In vitro effect of mPEG2k-PCLx micelles on rat liver cytochrome P450 enzymes.

The present study was aimed to evaluate the effects of amphiphilic copolymer micelles on six major hepatic cytochrome P450 (CYP) isoforms. A series of mPEG2k-PCLx polymeric micelles (mPEG2k-PCL2k, mPEG2k-PCL3.5k, mPEG2k-PCL5k and mPEG2k-PCL10k) ranging from 20 to 100 nm were prepared to investigate the inhibitory or inductive activities by in vitro incubations of rat liver microsomes and primary rat hepatocytes. Inhibition of these polymeric micelles on CYP1A2, CYP2B1, CYP2C6, CYP2C11, CYP2D2 and CYP3A1/2 isoenzymes were observed above their critical micelle concentrations (>10 µg·mL-1) and in a concentration-dependent manner.
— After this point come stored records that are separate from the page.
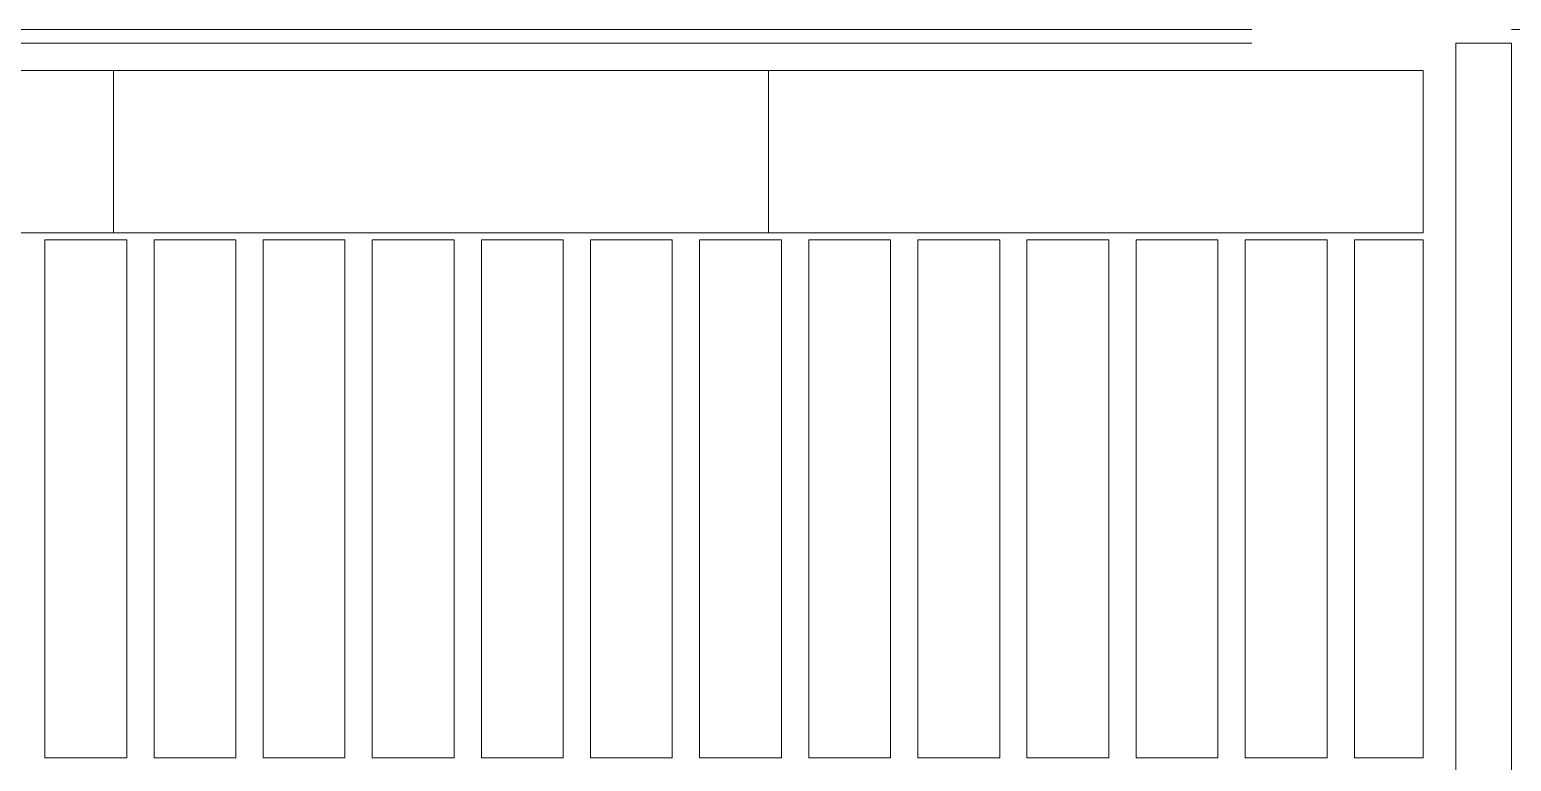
# Model space of a CAD drawing. Header units: millimetres. Extents: x -962357 to -591296, y -223672 to 59420.
# Drawn here: x -831061 to -825629, y -216562 to -213879 of the extents above; entities that cross this region are included whole.
import ezdxf

# ---------------------------------------------------------------- set-up
doc = ezdxf.new("R2010")
doc.units = ezdxf.units.MM
doc.layers.add('A-CLNG', color=2, linetype='Continuous', lineweight=9)
doc.layers.add('A-GLAZ-CURT', color=2, linetype='Continuous', lineweight=9)

# ---------------------------------------------------------------- blocks, each defined once
blk = doc.blocks.new('DPA_CP_Metal Ceiling Panel - Vertical Panel with Gap-14213442-4160-01 UPPER PLATFORM LEVEL - REFLECTED CEILING PLAN')
at = {"layer": 'A-GLAZ-CURT'}
for p, q in [((-826206.9, 9174), (-826206.9, 7274)), ((-825955, 9174), (-826206.9, 9174)), ((-825955, 9174), (-826206.9, 9174)), ((-826206.9, 9174), (-826206.9, 7274)), ((-826206.9, 7274), (-826206.9, 9174)), ((-826206.9, 9174), (-825955, 9174)), ((-825955, 9174), (-825955, 7274)), ((-825955, 7274), (-825955, 9174)), ((-825955, 9174), (-825955, 7274)), ((-825955, 7274), (-826206.9, 7274)), ((-826206.9, 7274), (-825955, 7274)), ((-825955, 7274), (-826206.9, 7274))]:
    blk.add_line(p, q, dxfattribs=at)
blk = doc.blocks.new('DPA_CP_Metal Ceiling Panel - Vertical Panel with Gap-10859825-4160-01 UPPER PLATFORM LEVEL - REFLECTED CEILING PLAN')
at = {"layer": 'A-GLAZ-CURT'}
for p, q in [((-744457, 6961.5), (-744457, 5061.5)), ((-744157, 6961.5), (-744457, 6961.5)), ((-744157, 6961.5), (-744457, 6961.5)), ((-744457, 6961.5), (-744457, 5061.5)), ((-744457, 5061.5), (-744457, 6961.5)), ((-744457, 6961.5), (-744157, 6961.5)), ((-744157, 6961.5), (-744157, 5061.5)), ((-744157, 5061.5), (-744157, 6961.5)), ((-744157, 6961.5), (-744157, 5061.5)), ((-744157, 5061.5), (-744457, 5061.5)), ((-744457, 5061.5), (-744157, 5061.5)), ((-744157, 5061.5), (-744457, 5061.5))]:
    blk.add_line(p, q, dxfattribs=at)
blk = doc.blocks.new('System Panel - DPA-AR_Metal Ceiling Rectangular Panel-16017999-4160-01 UPPER PLATFORM LEVEL - REFLECTED CEILING PLAN')
at = {"layer": 'A-GLAZ-CURT'}
for p, q in [((-825955, 9794), (-828355, 9794)), ((-828355, 9794), (-828355, 9199)), ((-828355, 9199), (-828355, 9794)), ((-828355, 9794), (-825955, 9794)), ((-825955, 9199), (-825955, 9794)), ((-825955, 9794), (-825955, 9199)), ((-828355, 9199), (-825955, 9199)), ((-825955, 9199), (-828355, 9199))]:
    blk.add_line(p, q, dxfattribs=at)
blk = doc.blocks.new('System Panel - DPA-AR_Metal Ceiling Rectangular Panel-V59-4160-01 UPPER PLATFORM LEVEL - REFLECTED CEILING PLAN')
at = {"layer": 'A-GLAZ-CURT'}
for p, q in [((-832985.4, 9794), (-833155, 9794)), ((-833155, 9794), (-833155, 9199)), ((-833155, 9199), (-833155, 9794)), ((-833155, 9794), (-832985.4, 9794)), ((-830755, 9794), (-832942.4, 9794)), ((-832942.4, 9794), (-830755, 9794)), ((-830755, 9199), (-830755, 9794)), ((-830755, 9794), (-830755, 9199)), ((-833155, 9199), (-832985.4, 9199)), ((-832985.4, 9199), (-833155, 9199)), ((-832942.4, 9199), (-830755, 9199)), ((-830755, 9199), (-832942.4, 9199))]:
    blk.add_line(p, q, dxfattribs=at)
blk = doc.blocks.new('PPLS-PP19_Custom Tile Pattern - Custom Tile Pattern-16106263-4160-01 UPPER PLATFORM LEVEL - REFLECTED CEILING PLAN')
at = {"layer": 'A-GLAZ-CURT'}
for p, q in [((-300, 0), (300, 0)), ((300, 0), (-300, 0)), ((-134.2, 0), (-140, 0)), ((230.1, 0), (300, 0)), ((-300, -50), (300, -50)), ((300, -50), (-300, -50))]:
    blk.add_line(p, q, dxfattribs=at)
at = {"layer": 'A-GLAZ-CURT', "flags": 128}
for points in [[(-300, 0), (-291.6, 0), (-283.3, 0), (-275.2, 0), (-267.3, 0), (-259.5, 0), (-251.8, 0), (-244.2, 0), (-236.7, 0), (-229.4, 0), (-222.1, 0), (-214.8, 0), (-207.7, 0), (-200.8, 0), (-194, 0), (-187.5, 0), (-181.4, 0)], [(-190.4, 0), (-196.4, 0), (-202.6, 0), (-209, 0), (-215.7, 0), (-222.6, 0), (-229.7, 0), (-237, 0), (-244.4, 0), (-252, 0), (-259.7, 0), (-267.5, 0), (-275.5, 0), (-283.6, 0), (-291.7, 0), (-300, 0)], [(-149.4, 0), (-141.8, 0), (-132.8, 0), (-126.1, 0)]]:
    blk.add_lwpolyline(points, dxfattribs=at)
at = {"layer": 'A-GLAZ-CURT'}
for points, knots in [([(-300, 0), (-284.7, 0), (-236.6, 0), (-176.1, 0), (-138.3, 0), (-124.9, 0)], [-5323.127839, -5323.127839, -5323.127839, -5323.127839, -4502.809032, -2700.551212, -1108.984966, -1108.984966, -1108.984966, -1108.984966]), ([(-159.2, 0), (-159.6, 0), (-163.4, 0), (-174, 0), (-185.6, 0), (-209.8, 0), (-232, 0), (-248.9, 0), (-253.5, 0), (-253.7, 0)], [-2257.973564, -2257.973564, -2257.973564, -2257.973564, -2237.412286, -2029.680487, -1755.085331, -1400.429864, -858.079193, -543.655514, -531.287897, -531.287897, -531.287897, -531.287897]), ([(-143.3, 0), (-144.7, 0), (-149.9, 0), (-162, 0), (-177.9, 0), (-199.5, 0), (-215.4, 0), (-225.5, 0), (-226.7, 0)], [-2390.191866, -2390.191866, -2390.191866, -2390.191866, -2308.929706, -2113.765672, -1763.376603, -1422.553702, -978.033455, -910.549282, -910.549282, -910.549282, -910.549282]), ([(-128, 0), (-130.6, 0), (-136.8, 0), (-144.4, 0), (-147.1, 0)], [-5691.037617, -5691.037617, -5691.037617, -5691.037617, -5508.838257, -5319.88299, -5319.88299, -5319.88299, -5319.88299]), ([(-65.9, 0), (-70.5, 0), (-83.9, 0), (-110.9, 0), (-128.7, 0), (-142.4, 0), (-143.6, 0)], [-7788.403577, -7788.403577, -7788.403577, -7788.403577, -7508.296369, -7004.680444, -6449.282163, -6393.465623, -6393.465623, -6393.465623, -6393.465623]), ([(-118.2, 0), (-119.4, 0), (-122.1, 0), (-125.4, 0), (-127, 0), (-127.4, 0)], [-164.249813, -164.249813, -164.249813, -164.249813, -98.539552, -24.539552, 0, 0, 0, 0]), ([(-126.5, 0), (-122.4, 0), (-108.7, 0), (-90.8, 0), (-77.2, 0), (-72.3, 0)], [-5231.017328, -5231.017328, -5231.017328, -5231.017328, -4994.692869, -4542.524482, -4234.633075, -4234.633075, -4234.633075, -4234.633075]), ([(-125.7, 0), (-125.3, 0), (-120.4, 0), (-107.3, 0), (-90.4, 0), (-75.3, 0), (-68.4, 0), (-65.1, 0), (-63.6, 0)], [-4082.700899, -4082.700899, -4082.700899, -4082.700899, -4054.690705, -3793.097032, -3402.597032, -3144.956779, -3050.982048, -2969.237017, -2969.237017, -2969.237017, -2969.237017]), ([(-114.9, 0), (-108, 0), (-98.7, 0), (-91.2, 0), (-90.5, 0)], [-6773.888853, -6773.888853, -6773.888853, -6773.888853, -6236.997189, -6184.855039, -6184.855039, -6184.855039, -6184.855039]), ([(-58.7, 0), (-59.6, 0), (-65.7, 0), (-81.2, 0), (-99.4, 0), (-111.4, 0), (-113.3, 0)], [-1113.463882, -1113.463882, -1113.463882, -1113.463882, -1060.00838, -740.068933, -229.489605, -123.718209, -123.718209, -123.718209, -123.718209]), ([(-39.2, 0), (-39.7, 0), (-45.3, 0), (-56.2, 0), (-75.6, 0), (-92, 0), (-103.2, 0), (-106.1, 0)], [-1826.829157, -1826.829157, -1826.829157, -1826.829157, -1792.521578, -1466.981642, -1208.454564, -789.402658, -608.943052, -608.943052, -608.943052, -608.943052]), ([(-96.4, 0), (-96.2, 0), (-90.9, 0), (-71.3, 0), (-42.5, 0), (-15.2, 0), (-3.8, 0), (-1, 0)], [-5115.12164, -5115.12164, -5115.12164, -5115.12164, -5103.229623, -4799.173296, -4065.652676, -3589.737505, -3410.081093, -3410.081093, -3410.081093, -3410.081093]), ([(-67.9, 0), (-73, 0), (-81.1, 0), (-89.2, 0), (-91.8, 0)], [-2627.997013, -2627.997013, -2627.997013, -2627.997013, -2193.204658, -1970.99776, -1970.99776, -1970.99776, -1970.99776]), ([(-79.5, 0), (-79.3, 0), (-74.9, 0), (-70.9, 0), (-67.4, 0)], [-1286.743147, -1286.743147, -1286.743147, -1286.743147, -1274.333717, -1073.56893, -1073.56893, -1073.56893, -1073.56893]), ([(-29, 0), (-34, 0), (-43.7, 0), (-55.8, 0), (-63.3, 0), (-65.5, 0)], [-2680.714891, -2680.714891, -2680.714891, -2680.714891, -2413.671296, -2161.752162, -2037.343317, -2037.343317, -2037.343317, -2037.343317]), ([(31.2, 0), (26, 0), (12, 0), (-16.9, 0), (-42.2, 0), (-56.4, 0), (-58.5, 0)], [-4496.803627, -4496.803627, -4496.803627, -4496.803627, -4222.080604, -3745.412743, -2981.410125, -2831.320802, -2831.320802, -2831.320802, -2831.320802]), ([(-49.8, 0), (-48.2, 0), (-45.4, 0), (-42.6, 0), (-41.8, 0)], [-4417.7536, -4417.7536, -4417.7536, -4417.7536, -4321.566175, -4270.495146, -4270.495146, -4270.495146, -4270.495146]), ([(71, 0), (70.7, 0), (65.3, 0), (53.5, 0), (37, 0), (24.1, 0), (12.8, 0), (-2.9, 0), (-20.6, 0), (-32.8, 0), (-42.4, 0), (-47, 0), (-47.8, 0)], [-2966.590051, -2966.590051, -2966.590051, -2966.590051, -2950.589685, -2634.532728, -2313.748533, -2106.613311, -1925.670641, -1617.263037, -1290.787923, -1039.307308, -819.71621, -773.893057, -773.893057, -773.893057, -773.893057]), ([(-45.9, 0), (-43, 0), (-37.8, 0), (-33.6, 0), (-32.3, 0)], [-3487.344885, -3487.344885, -3487.344885, -3487.344885, -3315.260113, -3238.248822, -3238.248822, -3238.248822, -3238.248822]), ([(-31.3, 0), (-28.4, 0), (-17, 0), (8.8, 0), (43.4, 0), (68.5, 0), (77.9, 0), (79.3, 0)], [-6062.162279, -6062.162279, -6062.162279, -6062.162279, -5862.463379, -5340.621928, -4573.028122, -4094.177415, -3998.447461, -3998.447461, -3998.447461, -3998.447461]), ([(2.8, 0), (-4.7, 0), (-14.7, 0), (-28.9, 0), (-31.3, 0)], [-9880.810509, -9880.810509, -9880.810509, -9880.810509, -9424.652049, -9299.586361, -9299.586361, -9299.586361, -9299.586361]), ([(-29, 0), (-28.7, 0), (-27.4, 0), (-24.5, 0), (-22.6, 0)], [-166.548282, -166.548282, -166.548282, -166.548282, -102.06493, 0, 0, 0, 0]), ([(-22.6, 0), (-20.3, 0), (-17, 0), (-12.7, 0), (-10.9, 0), (-9.9, 0)], [-56468.192263, -56468.192263, -56468.192263, -56468.192263, -56344.022017, -56303.229861, -56238.992205, -56238.992205, -56238.992205, -56238.992205]), ([(-21.2, 0), (-19.4, 0), (-11.8, 0), (-1.3, 0), (4.5, 0)], [-2989.152759, -2989.152759, -2989.152759, -2989.152759, -2864.387349, -2490.960632, -2490.960632, -2490.960632, -2490.960632]), ([(0.5, 0), (-2.2, 0), (-6.9, 0), (-11, 0), (-12.4, 0)], [-2679.34943, -2679.34943, -2679.34943, -2679.34943, -2518.50168, -2435.772209, -2435.772209, -2435.772209, -2435.772209]), ([(-3.4, 0), (-0.6, 0), (14, 0), (42.8, 0), (88.7, 0), (120.6, 0), (138.3, 0), (138.5, 0)], [-439.821474, -439.821474, -439.821474, -439.821474, -429.606584, -390.253598, -346.313304, -291.370682, -290.5735, -290.5735, -290.5735, -290.5735]), ([(3.4, 0), (4.6, 0), (8, 0), (16, 0), (22.5, 0), (24.5, 0)], [-211.182196, -211.182196, -211.182196, -211.182196, -206.416616, -198.214427, -187.717507, -187.717507, -187.717507, -187.717507]), ([(103.1, 0), (101.1, 0), (86.3, 0), (63.3, 0), (37, 0), (25.3, 0), (20.9, 0)], [-375.435014, -375.435014, -375.435014, -375.435014, -369.147452, -330.153101, -307.516438, -289.397823, -289.397823, -289.397823, -289.397823]), ([(21.5, 0), (22, 0), (24.6, 0), (31, 0), (39, 0), (48.3, 0), (52.8, 0), (53.9, 0)], [-1992.768506, -1992.768506, -1992.768506, -1992.768506, -1956.422387, -1818.904206, -1645.594513, -1443.202566, -1370.028348, -1370.028348, -1370.028348, -1370.028348]), ([(136.4, 0), (121.7, 0), (86.9, 0), (51.2, 0), (31.2, 0)], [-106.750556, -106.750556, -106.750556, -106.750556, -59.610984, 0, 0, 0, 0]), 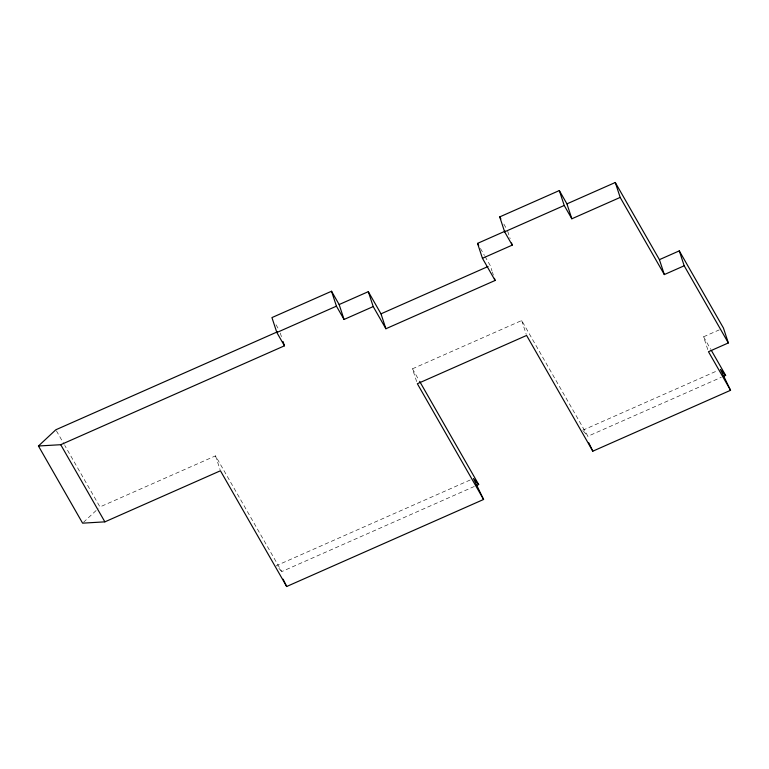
<?xml version="1.0" encoding="UTF-8"?>
<svg xmlns="http://www.w3.org/2000/svg" width="769" height="769" viewBox="0 0 769 769"><rect width="100%" height="100%" fill="white"/><g stroke="black" fill="none" stroke-linecap="round" stroke-linejoin="round"><path stroke-width="0.58" stroke-dasharray="3.85 2.88" d="M83.465 522.343L98.23 508.559M474.3 486.479L281.752 571.588L215.531 455.854L99.97 506.934L64.769 445.424M416.654 381.597L412.453 368.812L521.69 320.529L587.91 436.263L721.274 377.31M707.778 349.587L703.568 336.803L719.255 329.872M470.167 480L276.532 565.59L281.752 571.588M582.691 430.265L717.141 370.831M583.431 431.121L587.91 436.263M703.568 336.803L710.729 349.318M503.83 224.067L506.752 229.181M480.423 248.416L484.46 255.471M485.037 256.471L490.228 265.545L491.977 270.871M412.453 368.812L419.018 380.28M276.033 324.749L278.964 329.863M56.416 430.823L64.173 444.376M507.684 231.267L510.145 238.726M521.69 320.529L526.246 334.38M492.333 271.938L493.381 275.139M280.252 333.025L282.002 338.35M215.531 455.854L220.088 469.705"/><path stroke-width="1.15" d="M476.492 485.508L478.674 484.547L473.454 478.549L483.586 499.466L286.664 586.507L220.434 470.772L104.872 521.853L82.6 523.16L38.45 446.001L55.82 429.784L277.359 331.862M494.429 278.33L495.13 280.464L385.894 328.748L373.215 306.581L344.051 319.462L339.148 304.543L331.535 291.249L271.938 317.587L276.84 332.506L284.453 345.81L60.722 444.703L38.45 446.001M505.214 231.142L477.539 243.379L482.442 258.297L512.241 245.119L504.627 231.815L499.725 216.896L559.323 190.558L566.936 203.862L571.838 218.781L620.179 197.412L664.329 274.571L684.189 265.786L728.339 342.945L708.48 351.721L730.55 390.296L592.812 451.182L526.592 335.447L417.356 383.731L483.586 499.466M339.148 304.543L368.303 291.662L380.991 313.829L385.894 328.748M566.936 203.862L615.277 182.493L659.418 259.653L664.329 274.571M276.84 332.506L336.438 306.168L344.051 319.462M504.627 231.815L564.225 205.477L571.838 218.781M380.991 313.829L488.046 266.507M659.418 259.653L679.287 250.867L723.437 328.027L728.339 342.945M723.456 376.349L725.648 375.378L711.325 350.356M725.648 375.378L720.418 369.389L730.55 390.296M499.725 216.896L500.898 218.944M477.539 243.379L478.693 245.388M482.442 258.297L495.13 280.464M419.614 381.328L478.674 484.547M60.722 444.703L104.872 521.853M588.766 442.819L592.812 451.182M283.117 579.182L286.664 586.507M679.287 250.867L684.189 265.786M615.277 182.493L620.179 197.412M559.323 190.558L564.225 205.477M511.539 242.994L512.241 245.119M368.303 291.662L373.215 306.581M331.535 291.249L336.438 306.168M283.05 341.542L284.453 345.81"/></g></svg>

The mPEG2k-PCL2k micelles showed the strongest inhibition of CYP1A2, followed by CYP2C11. The micelles with lower molecular weight PCL segment exhibited more potent inhibitory potential. Induction on CYP1A2, CYP2B1 and CYP3A1/2 activity (2.1-7.2-fold, 1.5-2.4-fold and 1.3-3.0-fold, respectively) were detected at all tested concentrations (0.1-1000 µg·mL-1 or 0.1-100 µg·mL-1). Accordingly, most of the mRNA levels were upregulated. As demonstrated in ex vivo fluorescence imaging results, the mPEG2k-PCLx micelles mainly accumulated in the liver after intravenous administration. In conclusion, mPEG2k-PCLx micelles can interfere with the normal metabolic function of CYP450s in vitro, indicating polymeric micelles as promising drug nano-carriers might cause micelle-drug interaction and the in vivo interaction deserves further investigation.